(Directions)
From the entries that follow, report every line in which "point" occurs.

══ Records to use

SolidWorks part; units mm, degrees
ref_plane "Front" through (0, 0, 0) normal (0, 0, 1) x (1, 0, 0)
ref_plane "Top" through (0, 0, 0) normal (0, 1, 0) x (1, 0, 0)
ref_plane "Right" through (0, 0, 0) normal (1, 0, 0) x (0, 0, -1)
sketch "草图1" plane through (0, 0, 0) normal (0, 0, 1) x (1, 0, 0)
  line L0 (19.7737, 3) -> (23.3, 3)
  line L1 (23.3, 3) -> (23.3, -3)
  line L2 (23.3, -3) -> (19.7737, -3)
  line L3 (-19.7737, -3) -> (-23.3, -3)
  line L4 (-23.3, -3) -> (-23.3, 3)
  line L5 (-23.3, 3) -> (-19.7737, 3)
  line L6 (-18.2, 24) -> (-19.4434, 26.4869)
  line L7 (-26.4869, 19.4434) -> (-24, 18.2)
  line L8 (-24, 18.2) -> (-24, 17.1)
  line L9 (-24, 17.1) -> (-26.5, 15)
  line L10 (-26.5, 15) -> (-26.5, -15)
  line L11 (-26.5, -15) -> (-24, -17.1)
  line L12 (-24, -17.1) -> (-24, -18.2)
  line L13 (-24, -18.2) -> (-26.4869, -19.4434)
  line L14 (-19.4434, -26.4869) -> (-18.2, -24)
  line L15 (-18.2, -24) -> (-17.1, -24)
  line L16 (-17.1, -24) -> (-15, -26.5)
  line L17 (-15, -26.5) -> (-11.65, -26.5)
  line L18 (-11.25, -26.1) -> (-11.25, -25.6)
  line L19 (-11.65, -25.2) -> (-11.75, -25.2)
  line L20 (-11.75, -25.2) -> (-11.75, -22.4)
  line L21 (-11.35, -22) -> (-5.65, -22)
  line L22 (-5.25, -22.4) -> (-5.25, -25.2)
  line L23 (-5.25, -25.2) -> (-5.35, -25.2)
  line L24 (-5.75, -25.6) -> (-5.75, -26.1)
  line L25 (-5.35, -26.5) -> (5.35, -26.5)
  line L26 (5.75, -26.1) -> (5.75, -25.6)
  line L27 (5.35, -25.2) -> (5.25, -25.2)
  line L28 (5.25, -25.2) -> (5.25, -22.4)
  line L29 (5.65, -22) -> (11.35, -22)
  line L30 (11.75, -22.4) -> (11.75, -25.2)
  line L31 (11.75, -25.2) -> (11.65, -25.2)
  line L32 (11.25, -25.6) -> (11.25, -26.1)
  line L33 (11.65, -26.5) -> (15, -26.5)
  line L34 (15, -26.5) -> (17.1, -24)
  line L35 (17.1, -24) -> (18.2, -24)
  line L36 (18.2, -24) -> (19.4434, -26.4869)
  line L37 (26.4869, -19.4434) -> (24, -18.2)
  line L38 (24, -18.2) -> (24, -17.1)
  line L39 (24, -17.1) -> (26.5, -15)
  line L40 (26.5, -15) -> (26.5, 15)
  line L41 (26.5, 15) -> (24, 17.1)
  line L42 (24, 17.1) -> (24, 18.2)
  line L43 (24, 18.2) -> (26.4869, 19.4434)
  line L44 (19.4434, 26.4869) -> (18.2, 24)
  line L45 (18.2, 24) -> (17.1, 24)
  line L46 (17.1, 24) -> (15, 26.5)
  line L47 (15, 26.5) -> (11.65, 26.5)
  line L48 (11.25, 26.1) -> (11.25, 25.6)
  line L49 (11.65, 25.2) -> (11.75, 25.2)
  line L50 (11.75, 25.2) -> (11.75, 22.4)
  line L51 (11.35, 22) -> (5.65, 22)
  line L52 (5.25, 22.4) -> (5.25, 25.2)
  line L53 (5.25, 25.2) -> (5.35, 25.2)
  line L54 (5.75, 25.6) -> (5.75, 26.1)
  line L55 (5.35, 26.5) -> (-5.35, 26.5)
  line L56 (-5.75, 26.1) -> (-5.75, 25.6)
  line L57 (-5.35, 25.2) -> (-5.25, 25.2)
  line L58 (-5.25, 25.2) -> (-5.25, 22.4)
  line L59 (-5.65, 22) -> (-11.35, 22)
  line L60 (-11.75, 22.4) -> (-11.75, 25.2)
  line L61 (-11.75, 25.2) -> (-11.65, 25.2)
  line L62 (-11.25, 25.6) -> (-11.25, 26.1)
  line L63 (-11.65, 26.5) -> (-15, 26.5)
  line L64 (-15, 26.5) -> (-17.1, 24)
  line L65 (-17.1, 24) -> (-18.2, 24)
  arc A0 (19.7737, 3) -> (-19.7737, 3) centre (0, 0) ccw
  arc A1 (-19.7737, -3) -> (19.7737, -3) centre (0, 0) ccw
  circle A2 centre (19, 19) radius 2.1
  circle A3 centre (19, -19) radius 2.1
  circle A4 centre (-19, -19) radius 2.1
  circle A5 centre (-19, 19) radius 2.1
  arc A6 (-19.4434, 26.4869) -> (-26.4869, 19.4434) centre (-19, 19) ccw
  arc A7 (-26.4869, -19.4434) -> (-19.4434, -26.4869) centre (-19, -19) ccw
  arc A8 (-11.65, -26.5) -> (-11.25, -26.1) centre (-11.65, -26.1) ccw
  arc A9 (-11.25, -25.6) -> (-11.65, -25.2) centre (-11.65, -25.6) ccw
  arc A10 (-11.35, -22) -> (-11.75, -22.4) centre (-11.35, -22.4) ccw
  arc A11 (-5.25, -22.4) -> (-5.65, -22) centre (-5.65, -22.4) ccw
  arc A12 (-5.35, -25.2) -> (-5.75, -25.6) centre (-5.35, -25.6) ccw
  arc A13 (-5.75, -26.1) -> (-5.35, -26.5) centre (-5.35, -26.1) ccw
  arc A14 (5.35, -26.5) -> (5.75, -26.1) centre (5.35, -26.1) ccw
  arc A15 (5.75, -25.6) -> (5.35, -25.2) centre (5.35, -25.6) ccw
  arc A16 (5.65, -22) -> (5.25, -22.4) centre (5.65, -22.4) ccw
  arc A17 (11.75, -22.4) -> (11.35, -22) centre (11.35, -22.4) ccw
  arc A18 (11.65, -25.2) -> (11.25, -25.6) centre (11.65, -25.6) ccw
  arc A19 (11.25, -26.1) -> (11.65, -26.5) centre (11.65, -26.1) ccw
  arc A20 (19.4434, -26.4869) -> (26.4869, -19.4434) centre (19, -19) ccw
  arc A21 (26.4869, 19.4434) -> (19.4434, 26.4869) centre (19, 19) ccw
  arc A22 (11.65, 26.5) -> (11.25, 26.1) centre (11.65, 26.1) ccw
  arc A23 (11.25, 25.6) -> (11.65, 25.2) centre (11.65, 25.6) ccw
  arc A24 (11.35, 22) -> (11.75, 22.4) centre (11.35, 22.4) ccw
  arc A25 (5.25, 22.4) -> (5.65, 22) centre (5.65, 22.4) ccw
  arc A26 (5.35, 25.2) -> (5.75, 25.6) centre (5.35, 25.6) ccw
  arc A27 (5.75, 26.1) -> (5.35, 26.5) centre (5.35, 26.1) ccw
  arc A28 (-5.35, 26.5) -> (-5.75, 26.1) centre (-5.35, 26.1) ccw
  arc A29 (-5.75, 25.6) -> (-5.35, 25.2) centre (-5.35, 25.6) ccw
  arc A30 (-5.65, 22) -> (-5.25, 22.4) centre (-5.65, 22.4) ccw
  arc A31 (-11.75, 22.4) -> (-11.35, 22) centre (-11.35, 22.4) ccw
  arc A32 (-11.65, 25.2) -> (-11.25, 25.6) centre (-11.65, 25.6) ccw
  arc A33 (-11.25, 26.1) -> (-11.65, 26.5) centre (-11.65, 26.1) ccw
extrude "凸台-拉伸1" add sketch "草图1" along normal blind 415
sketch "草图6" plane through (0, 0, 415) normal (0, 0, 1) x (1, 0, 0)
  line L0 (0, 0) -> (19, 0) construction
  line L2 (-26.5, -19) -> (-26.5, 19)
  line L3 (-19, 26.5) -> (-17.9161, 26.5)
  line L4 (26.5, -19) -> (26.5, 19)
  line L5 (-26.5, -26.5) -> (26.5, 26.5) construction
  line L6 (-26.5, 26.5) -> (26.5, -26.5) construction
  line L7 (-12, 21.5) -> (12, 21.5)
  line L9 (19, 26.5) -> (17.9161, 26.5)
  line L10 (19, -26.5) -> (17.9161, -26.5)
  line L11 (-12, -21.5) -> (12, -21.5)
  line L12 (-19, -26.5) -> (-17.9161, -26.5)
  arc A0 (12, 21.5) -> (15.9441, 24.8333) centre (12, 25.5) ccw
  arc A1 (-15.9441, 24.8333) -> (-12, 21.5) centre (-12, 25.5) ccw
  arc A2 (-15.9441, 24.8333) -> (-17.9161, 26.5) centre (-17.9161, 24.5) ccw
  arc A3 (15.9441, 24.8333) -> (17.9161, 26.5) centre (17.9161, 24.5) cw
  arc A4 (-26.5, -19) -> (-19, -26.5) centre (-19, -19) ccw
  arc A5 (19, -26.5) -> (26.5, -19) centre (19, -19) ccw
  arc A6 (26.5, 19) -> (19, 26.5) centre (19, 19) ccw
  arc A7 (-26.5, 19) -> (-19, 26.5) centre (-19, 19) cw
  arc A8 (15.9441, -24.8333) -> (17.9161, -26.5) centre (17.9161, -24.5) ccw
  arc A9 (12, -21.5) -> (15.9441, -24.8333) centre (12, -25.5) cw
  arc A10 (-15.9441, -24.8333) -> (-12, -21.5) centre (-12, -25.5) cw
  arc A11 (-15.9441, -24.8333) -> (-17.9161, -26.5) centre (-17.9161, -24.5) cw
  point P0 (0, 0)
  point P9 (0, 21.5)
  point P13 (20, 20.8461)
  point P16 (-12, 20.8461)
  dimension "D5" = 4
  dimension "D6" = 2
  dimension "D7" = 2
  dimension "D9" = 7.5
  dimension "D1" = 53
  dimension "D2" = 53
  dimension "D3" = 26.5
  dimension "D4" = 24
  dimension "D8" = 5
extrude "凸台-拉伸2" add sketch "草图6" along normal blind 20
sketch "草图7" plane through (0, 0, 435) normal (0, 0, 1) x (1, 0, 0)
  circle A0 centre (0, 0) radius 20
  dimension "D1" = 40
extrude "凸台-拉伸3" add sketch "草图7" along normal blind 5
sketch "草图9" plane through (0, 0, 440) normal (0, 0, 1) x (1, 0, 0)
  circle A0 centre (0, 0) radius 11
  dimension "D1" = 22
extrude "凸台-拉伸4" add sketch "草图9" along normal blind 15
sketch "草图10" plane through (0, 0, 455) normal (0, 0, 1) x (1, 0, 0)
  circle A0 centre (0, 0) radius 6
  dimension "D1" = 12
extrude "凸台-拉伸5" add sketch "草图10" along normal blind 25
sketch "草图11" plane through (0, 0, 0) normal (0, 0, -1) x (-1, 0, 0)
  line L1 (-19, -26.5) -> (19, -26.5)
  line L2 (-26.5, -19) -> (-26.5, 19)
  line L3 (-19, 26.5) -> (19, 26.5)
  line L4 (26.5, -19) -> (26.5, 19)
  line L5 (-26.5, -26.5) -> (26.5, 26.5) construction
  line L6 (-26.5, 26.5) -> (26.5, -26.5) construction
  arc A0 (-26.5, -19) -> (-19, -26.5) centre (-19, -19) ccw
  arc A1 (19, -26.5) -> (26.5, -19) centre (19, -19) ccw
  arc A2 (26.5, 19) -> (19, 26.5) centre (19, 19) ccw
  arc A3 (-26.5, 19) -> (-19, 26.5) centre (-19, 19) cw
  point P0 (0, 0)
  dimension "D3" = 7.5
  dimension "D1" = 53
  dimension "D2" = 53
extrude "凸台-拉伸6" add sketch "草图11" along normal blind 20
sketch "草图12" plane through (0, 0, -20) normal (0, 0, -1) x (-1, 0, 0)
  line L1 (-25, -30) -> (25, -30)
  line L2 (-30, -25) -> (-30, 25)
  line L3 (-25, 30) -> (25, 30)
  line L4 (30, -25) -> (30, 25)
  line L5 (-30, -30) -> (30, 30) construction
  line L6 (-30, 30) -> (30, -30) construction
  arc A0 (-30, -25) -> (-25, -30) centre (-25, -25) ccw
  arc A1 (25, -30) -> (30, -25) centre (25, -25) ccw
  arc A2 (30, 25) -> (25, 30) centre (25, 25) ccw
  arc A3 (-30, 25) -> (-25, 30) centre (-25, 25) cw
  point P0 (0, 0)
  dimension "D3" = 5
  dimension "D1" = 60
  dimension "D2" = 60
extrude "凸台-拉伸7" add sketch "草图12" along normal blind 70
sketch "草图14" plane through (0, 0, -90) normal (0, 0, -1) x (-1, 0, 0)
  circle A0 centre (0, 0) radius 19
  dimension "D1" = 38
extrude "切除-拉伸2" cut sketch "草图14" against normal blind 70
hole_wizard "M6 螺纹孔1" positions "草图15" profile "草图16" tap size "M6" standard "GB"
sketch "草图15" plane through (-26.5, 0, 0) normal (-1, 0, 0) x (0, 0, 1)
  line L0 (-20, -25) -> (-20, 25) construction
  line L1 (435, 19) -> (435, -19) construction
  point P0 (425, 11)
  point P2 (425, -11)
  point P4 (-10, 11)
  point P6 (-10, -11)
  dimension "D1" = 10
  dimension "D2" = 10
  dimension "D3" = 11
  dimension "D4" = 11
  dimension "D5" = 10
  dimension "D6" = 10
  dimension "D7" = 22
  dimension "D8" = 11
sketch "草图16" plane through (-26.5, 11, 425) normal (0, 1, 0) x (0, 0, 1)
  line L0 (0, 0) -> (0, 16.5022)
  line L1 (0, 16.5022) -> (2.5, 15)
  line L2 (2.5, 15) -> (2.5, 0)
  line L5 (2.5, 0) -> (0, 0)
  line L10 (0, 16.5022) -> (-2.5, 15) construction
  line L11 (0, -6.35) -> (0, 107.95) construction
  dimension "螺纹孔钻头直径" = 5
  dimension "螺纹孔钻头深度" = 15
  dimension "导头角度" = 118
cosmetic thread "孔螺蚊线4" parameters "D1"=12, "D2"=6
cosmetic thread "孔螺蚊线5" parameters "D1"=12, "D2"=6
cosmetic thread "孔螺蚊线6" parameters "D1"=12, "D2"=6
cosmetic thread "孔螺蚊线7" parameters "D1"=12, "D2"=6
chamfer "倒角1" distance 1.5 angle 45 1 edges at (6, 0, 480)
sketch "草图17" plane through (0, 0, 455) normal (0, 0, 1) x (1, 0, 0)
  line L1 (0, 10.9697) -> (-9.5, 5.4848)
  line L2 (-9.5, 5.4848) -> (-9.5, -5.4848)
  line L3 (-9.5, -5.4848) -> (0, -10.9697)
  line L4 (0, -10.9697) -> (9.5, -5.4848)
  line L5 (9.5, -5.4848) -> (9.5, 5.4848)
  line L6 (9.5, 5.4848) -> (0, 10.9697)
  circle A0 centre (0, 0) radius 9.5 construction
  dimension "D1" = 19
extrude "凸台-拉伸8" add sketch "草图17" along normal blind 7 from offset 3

════

(Completed exercise)
  point P0 (0, 0)
  point P9 (0, 21.5)
  point P13 (20, 20.8461)
  point P16 (-12, 20.8461)
  point P0 (0, 0)
  point P0 (0, 0)
  point P0 (425, 11)
  point P2 (425, -11)
  point P4 (-10, 11)
  point P6 (-10, -11)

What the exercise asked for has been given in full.